The first thing I did was dig up the full blogs that Stan takes excerpts from and read them in context. Some of the excerpts take on very different meanings in their full context. When he refers to "starving" her, for example, he's talking about sending her to bed without dinner when she refused to eat what was made. This was something recommended by her doctor. I think most kids are "starved" this way at some point in their life and I don't think anyone ought to be screaming "child abuse" because a child refuses to eat their dinner.

That Stan would blatantly manipulate the facts to agree with his version of the story tells me not to trust anything he says. I then went and looked over some of his other content and found a lot of was what I would categorize as wingnut conspiracy theories.

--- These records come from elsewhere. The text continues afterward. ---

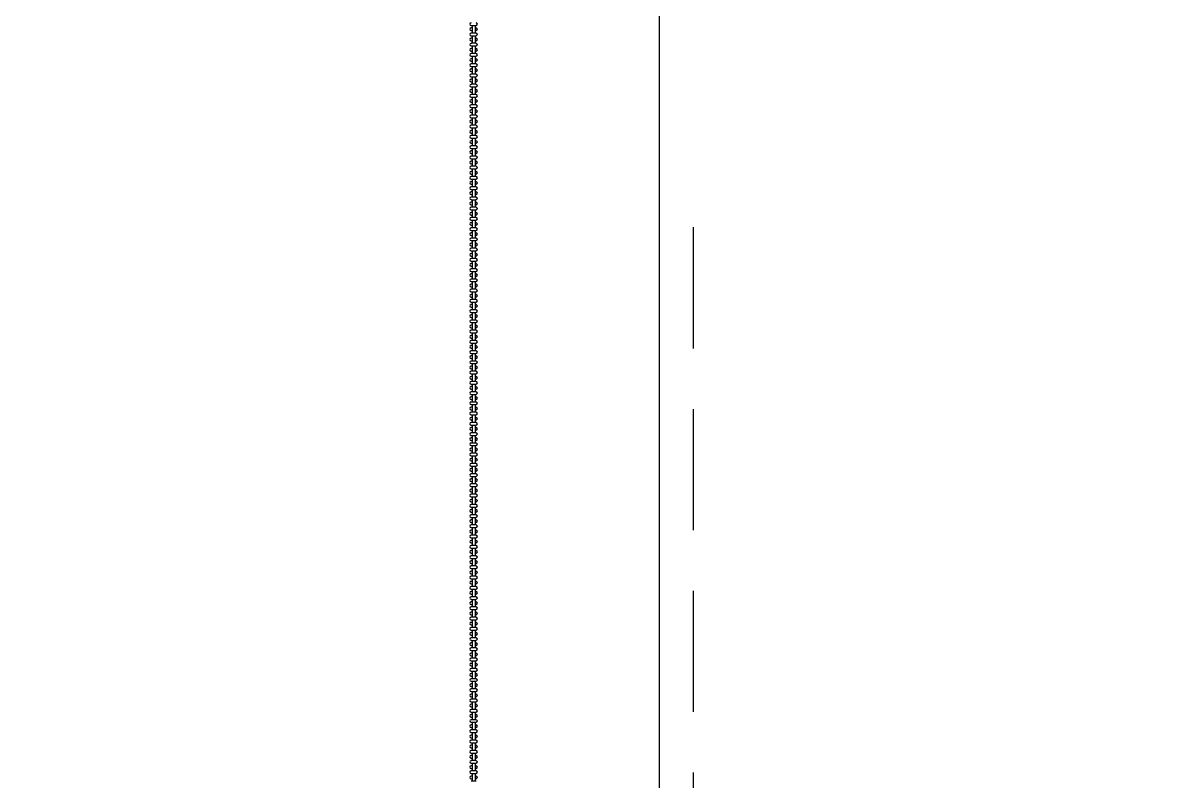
# Model space of a CAD drawing. Header units: millimetres. Extents: x -101 to 3415, y -52 to 1366.
# Drawn here: x 326.667 to 330.201, y 131.586 to 133.933 of the extents above; entities that cross this region are included whole.
import ezdxf

# ---------------------------------------------------------------- set-up
doc = ezdxf.new("R2010")
doc.units = ezdxf.units.MM
doc.linetypes.add('HIDDEN', pattern=[0.375, 0.25, -0.125])
doc.layers.add('00_ARQ', color=8, linetype='Continuous')

msp = doc.modelspace()

# ---------------------------------------------------------------- linework, layer by layer
at = {"layer": '00_ARQ', "color": 9}
for p, q in [((328.0551, 133.9251), (328.0705, 133.9251)), ((328.058, 133.9174), (328.0551, 133.9174)), ((328.058, 133.9251), (328.058, 133.9015)), ((328.0676, 133.9251), (328.0676, 133.9015)), ((328.0705, 133.9174), (328.0676, 133.9174)), ((328.0551, 133.9093), (328.058, 133.9093)), ((328.0705, 133.9015), (328.0551, 133.9015)), ((328.0551, 133.8934), (328.0705, 133.8934)), ((328.058, 133.8857), (328.0551, 133.8857)), ((328.0551, 133.8776), (328.058, 133.8776)), ((328.0676, 133.9015), (328.058, 133.9015)), ((328.058, 133.8934), (328.058, 133.8698)), ((328.0676, 133.9093), (328.0705, 133.9093)), ((328.0676, 133.8934), (328.0676, 133.8698)), ((328.0705, 133.8857), (328.0676, 133.8857)), ((328.0676, 133.8776), (328.0705, 133.8776)), ((328.0705, 133.8698), (328.0551, 133.8698)), ((328.0551, 133.8617), (328.0705, 133.8617)), ((328.058, 133.8539), (328.0551, 133.8539)), ((328.0551, 133.8458), (328.058, 133.8458)), ((328.0676, 133.8698), (328.058, 133.8698)), ((328.058, 133.8617), (328.058, 133.8381)), ((328.0676, 133.8617), (328.0676, 133.8381)), ((328.0705, 133.8539), (328.0676, 133.8539)), ((328.0676, 133.8458), (328.0705, 133.8458)), ((328.0705, 133.8381), (328.0551, 133.8381)), ((328.0551, 133.83), (328.0705, 133.83)), ((328.058, 133.8222), (328.0551, 133.8222)), ((328.0551, 133.8141), (328.058, 133.8141)), ((328.0705, 133.8064), (328.0551, 133.8064)), ((328.058, 133.83), (328.058, 133.8064)), ((328.0676, 133.83), (328.0676, 133.8064)), ((328.0705, 133.8222), (328.0676, 133.8222)), ((328.0676, 133.8141), (328.0705, 133.8141)), ((328.0551, 133.7982), (328.0705, 133.7982)), ((328.058, 133.7905), (328.0551, 133.7905)), ((328.0551, 133.7824), (328.058, 133.7824)), ((328.0705, 133.7746), (328.0551, 133.7746)), ((328.058, 133.7982), (328.058, 133.7746)), ((328.0676, 133.7982), (328.0676, 133.7746)), ((328.0705, 133.7905), (328.0676, 133.7905)), ((328.0676, 133.7824), (328.0705, 133.7824)), ((328.0551, 133.7665), (328.0705, 133.7665)), ((328.058, 133.7588), (328.0551, 133.7588)), ((328.0551, 133.7507), (328.058, 133.7507)), ((328.0705, 133.7429), (328.0551, 133.7429)), ((328.0551, 133.7348), (328.0705, 133.7348)), ((328.058, 133.7665), (328.058, 133.7429)), ((328.058, 133.7348), (328.058, 133.7112)), ((328.0676, 133.7665), (328.0676, 133.7429)), ((328.0705, 133.7588), (328.0676, 133.7588)), ((328.0676, 133.7507), (328.0705, 133.7507)), ((328.0676, 133.7348), (328.0676, 133.7112)), ((328.058, 133.727), (328.0551, 133.727)), ((328.0551, 133.7189), (328.058, 133.7189)), ((328.0705, 133.7112), (328.0551, 133.7112)), ((328.0551, 133.7031), (328.0705, 133.7031)), ((328.0676, 133.7112), (328.058, 133.7112)), ((328.058, 133.7031), (328.058, 133.6795)), ((328.0705, 133.727), (328.0676, 133.727)), ((328.0676, 133.7189), (328.0705, 133.7189)), ((328.0676, 133.7031), (328.0676, 133.6795)), ((328.058, 133.6953), (328.0551, 133.6953)), ((328.0551, 133.6872), (328.058, 133.6872)), ((328.0705, 133.6795), (328.0551, 133.6795)), ((328.0551, 133.6713), (328.0705, 133.6713)), ((328.058, 133.6636), (328.0551, 133.6636)), ((328.0676, 133.6795), (328.058, 133.6795)), ((328.058, 133.6713), (328.058, 133.6477)), ((328.0705, 133.6953), (328.0676, 133.6953)), ((328.0676, 133.6872), (328.0705, 133.6872)), ((328.0676, 133.6713), (328.0676, 133.6477)), ((328.0705, 133.6636), (328.0676, 133.6636)), ((328.0551, 133.6555), (328.058, 133.6555)), ((328.0705, 133.6477), (328.0551, 133.6477)), ((328.0551, 133.6396), (328.0705, 133.6396)), ((328.058, 133.6319), (328.0551, 133.6319)), ((328.058, 133.6396), (328.058, 133.616)), ((328.0676, 133.6555), (328.0705, 133.6555)), ((328.0676, 133.6396), (328.0676, 133.616)), ((328.0705, 133.6319), (328.0676, 133.6319)), ((328.0551, 133.6237), (328.058, 133.6237)), ((328.0705, 133.616), (328.0551, 133.616)), ((328.0551, 133.6079), (328.0705, 133.6079)), ((328.058, 133.6001), (328.0551, 133.6001)), ((328.0551, 133.592), (328.058, 133.592)), ((328.058, 133.6079), (328.058, 133.5843)), ((328.0676, 133.6237), (328.0705, 133.6237)), ((328.0676, 133.6079), (328.0676, 133.5843)), ((328.0705, 133.6001), (328.0676, 133.6001)), ((328.0676, 133.592), (328.0705, 133.592)), ((328.0705, 133.5843), (328.0551, 133.5843)), ((328.0551, 133.5762), (328.0705, 133.5762)), ((328.058, 133.5684), (328.0551, 133.5684)), ((328.0551, 133.5603), (328.058, 133.5603)), ((328.058, 133.5762), (328.058, 133.5526)), ((328.0676, 133.5762), (328.0676, 133.5526)), ((328.0705, 133.5684), (328.0676, 133.5684)), ((328.0676, 133.5603), (328.0705, 133.5603)), ((328.0705, 133.5526), (328.0551, 133.5526)), ((328.0551, 133.5444), (328.0705, 133.5444)), ((328.058, 133.5367), (328.0551, 133.5367)), ((328.0551, 133.5286), (328.058, 133.5286)), ((328.058, 133.5444), (328.058, 133.5208)), ((328.0676, 133.5444), (328.0676, 133.5208)), ((328.0705, 133.5367), (328.0676, 133.5367)), ((328.0676, 133.5286), (328.0705, 133.5286)), ((328.0705, 133.5208), (328.0551, 133.5208)), ((328.0551, 133.5127), (328.0705, 133.5127)), ((328.058, 133.505), (328.0551, 133.505)), ((328.0551, 133.4968), (328.058, 133.4968)), ((328.0705, 133.4891), (328.0551, 133.4891)), ((328.0676, 133.5208), (328.058, 133.5208)), ((328.058, 133.5127), (328.058, 133.4891)), ((328.0676, 133.4891), (328.058, 133.4891)), ((328.0676, 133.5127), (328.0676, 133.4891)), ((328.0705, 133.505), (328.0676, 133.505)), ((328.0676, 133.4968), (328.0705, 133.4968)), ((328.0551, 133.481), (328.0705, 133.481)), ((328.058, 133.4732), (328.0551, 133.4732)), ((328.0551, 133.4651), (328.058, 133.4651)), ((328.0705, 133.4574), (328.0551, 133.4574)), ((328.058, 133.481), (328.058, 133.4574)), ((328.0676, 133.481), (328.0676, 133.4574)), ((328.0705, 133.4732), (328.0676, 133.4732)), ((328.0676, 133.4651), (328.0705, 133.4651)), ((328.0551, 133.4493), (328.0705, 133.4493)), ((328.058, 133.4415), (328.0551, 133.4415)), ((328.0551, 133.4334), (328.058, 133.4334)), ((328.0705, 133.4257), (328.0551, 133.4257)), ((328.0551, 133.4175), (328.0705, 133.4175)), ((328.058, 133.4493), (328.058, 133.4257)), ((328.058, 133.4175), (328.058, 133.3939)), ((328.0676, 133.4493), (328.0676, 133.4257)), ((328.0705, 133.4415), (328.0676, 133.4415)), ((328.0676, 133.4334), (328.0705, 133.4334)), ((328.0676, 133.4175), (328.0676, 133.3939)), ((328.058, 133.4098), (328.0551, 133.4098)), ((328.0551, 133.4017), (328.058, 133.4017)), ((328.0705, 133.3939), (328.0551, 133.3939)), ((328.0551, 133.3858), (328.0705, 133.3858)), ((328.058, 133.3858), (328.058, 133.3622)), ((328.0705, 133.4098), (328.0676, 133.4098)), ((328.0676, 133.4017), (328.0705, 133.4017)), ((328.0676, 133.3858), (328.0676, 133.3622)), ((328.058, 133.3781), (328.0551, 133.3781)), ((328.0551, 133.3699), (328.058, 133.3699)), ((328.0705, 133.3622), (328.0551, 133.3622)), ((328.0551, 133.3541), (328.0705, 133.3541)), ((328.058, 133.3463), (328.0551, 133.3463)), ((328.058, 133.3541), (328.058, 133.3305)), ((328.0705, 133.3781), (328.0676, 133.3781)), ((328.0676, 133.3699), (328.0705, 133.3699)), ((328.0676, 133.3541), (328.0676, 133.3305)), ((328.0705, 133.3463), (328.0676, 133.3463)), ((328.0551, 133.3382), (328.058, 133.3382)), ((328.0705, 133.3305), (328.0551, 133.3305)), ((328.0551, 133.3224), (328.0705, 133.3224)), ((328.058, 133.3146), (328.0551, 133.3146)), ((328.0676, 133.3305), (328.058, 133.3305)), ((328.058, 133.3224), (328.058, 133.2988)), ((328.0676, 133.3382), (328.0705, 133.3382)), ((328.0676, 133.3224), (328.0676, 133.2988)), ((328.0705, 133.3146), (328.0676, 133.3146)), ((328.0551, 133.3065), (328.058, 133.3065)), ((328.0705, 133.2988), (328.0551, 133.2988)), ((328.0551, 133.2906), (328.0705, 133.2906)), ((328.058, 133.2829), (328.0551, 133.2829)), ((328.0551, 133.2748), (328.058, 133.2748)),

Of course I'm not playing apologist for the parents. Whether they were right or wrong is another argument. My point is that the people in this thread, Stan's blog, and elsewhere, who are making their own diagnosis based on what they saw on Oprah, read in the LAT and/or saw in this video clip have no basis or qualifications to do so.

>> ^Whacky:

xxovercastxx said: "If you look at the rest of the blog you link to, it's a blog about how medication is bad, doctors are evil and everything is a conspiracy"
Of course everyone is entitled to an opinion; though the vast majority of the information written about in post on this blog are backed up by substantial evidence (there is also many humorous, satirical, and personal opinion pieces). I have to wonder if you took the time to actually do any research about what you read before dismissing it off the cuff xxovercastxx?
Of course anyone that wants to play apologist for these parents that are "admitted" abusers are entitled to their opinions (and there are many). I guess they are also many people that excuse our main stream media writing reports that excludes key related facts in their articles.
http://bipolar-stanscroniclesandnarritiv
e.blogspot.com/2009/07/los-angeles-times-reporter-defends.html
If that's what you coin wacky, then so be it.